# Your instructions
Make an exact copy of each entry, leaving out every picture.

# Provided data
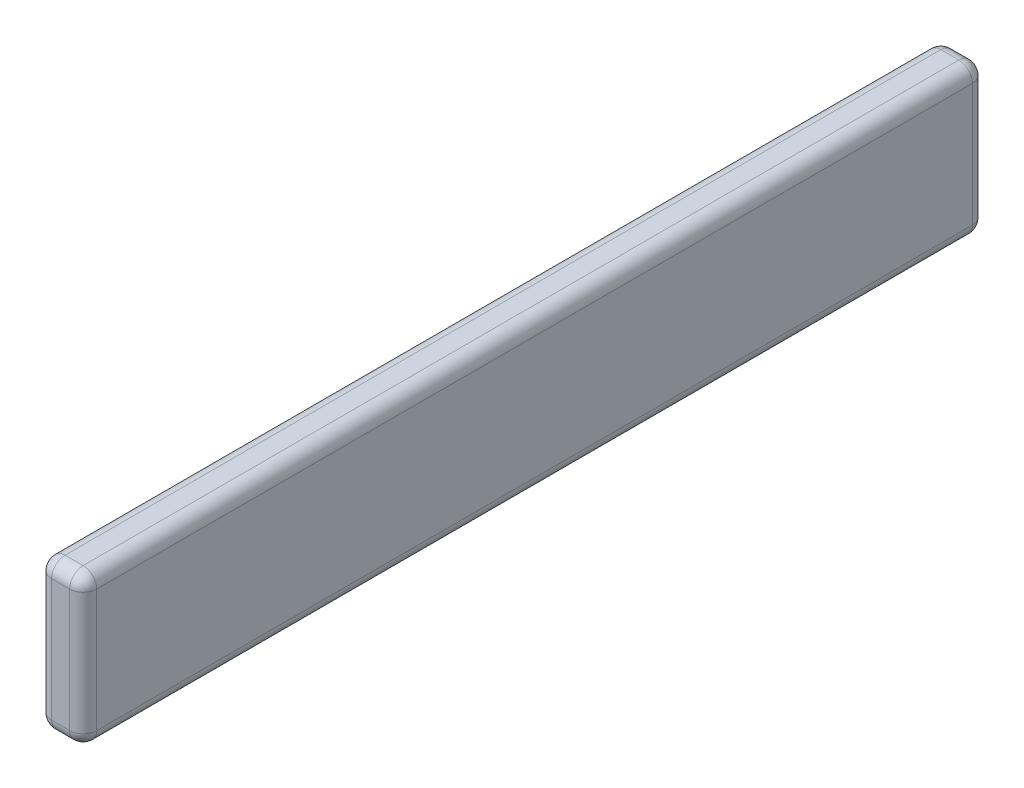
from build123d import *

# Parameters (mm, degrees)
SKETCH1_W           = 2000
SKETCH1_H           = 331.6
BOSS_EXTRUDE1_DEPTH = 100
FILLET1_R           = 30


with BuildPart() as part:
    # Sketch1 → Boss-Extrude1 (new body)
    with BuildSketch(Plane(origin=(0, 0, 0), x_dir=(0, 0, -1), z_dir=(1, 0, 0))):
        Rectangle(SKETCH1_W, SKETCH1_H)
    extrude(amount=BOSS_EXTRUDE1_DEPTH)

    # Fillet1
    fillet1_edges = [part.edges().sort_by_distance(p)[0] for p in [
        (100, 0, -1000),
        (100, 165.8, 0),
        (100, 0, 1000),
        (0, 165.8, 0),
        (0, 0, -1000),
        (0, -165.8, 0),
        (0, 0, 1000),
        (50, 165.8, 1000),
        (50, 165.8, -1000),
        (50, -165.8, -1000),
        (50, -165.8, 1000),
        (100, -165.8, 0),
    ]]
    fillet(fillet1_edges, radius=FILLET1_R)


solid = part.part

# Output
from build123d import *

# Parameters (mm, degrees)
SKETCH1_W           = 2000
SKETCH1_H           = 331.6
BOSS_EXTRUDE1_DEPTH = 100
FILLET1_R           = 30


with BuildPart() as part:
    # Sketch1 → Boss-Extrude1 (new body)
    with BuildSketch(Plane(origin=(0, 0, 0), x_dir=(0, 0, -1), z_dir=(1, 0, 0))):
        Rectangle(SKETCH1_W, SKETCH1_H)
    extrude(amount=BOSS_EXTRUDE1_DEPTH)

    # Fillet1
    fillet1_edges = [part.edges().sort_by_distance(p)[0] for p in [
        (100, 0, -1000),
        (100, 165.8, 0),
        (100, 0, 1000),
        (0, 165.8, 0),
        (0, 0, -1000),
        (0, -165.8, 0),
        (0, 0, 1000),
        (50, 165.8, 1000),
        (50, 165.8, -1000),
        (50, -165.8, -1000),
        (50, -165.8, 1000),
        (100, -165.8, 0),
    ]]
    fillet(fillet1_edges, radius=FILLET1_R)


solid = part.part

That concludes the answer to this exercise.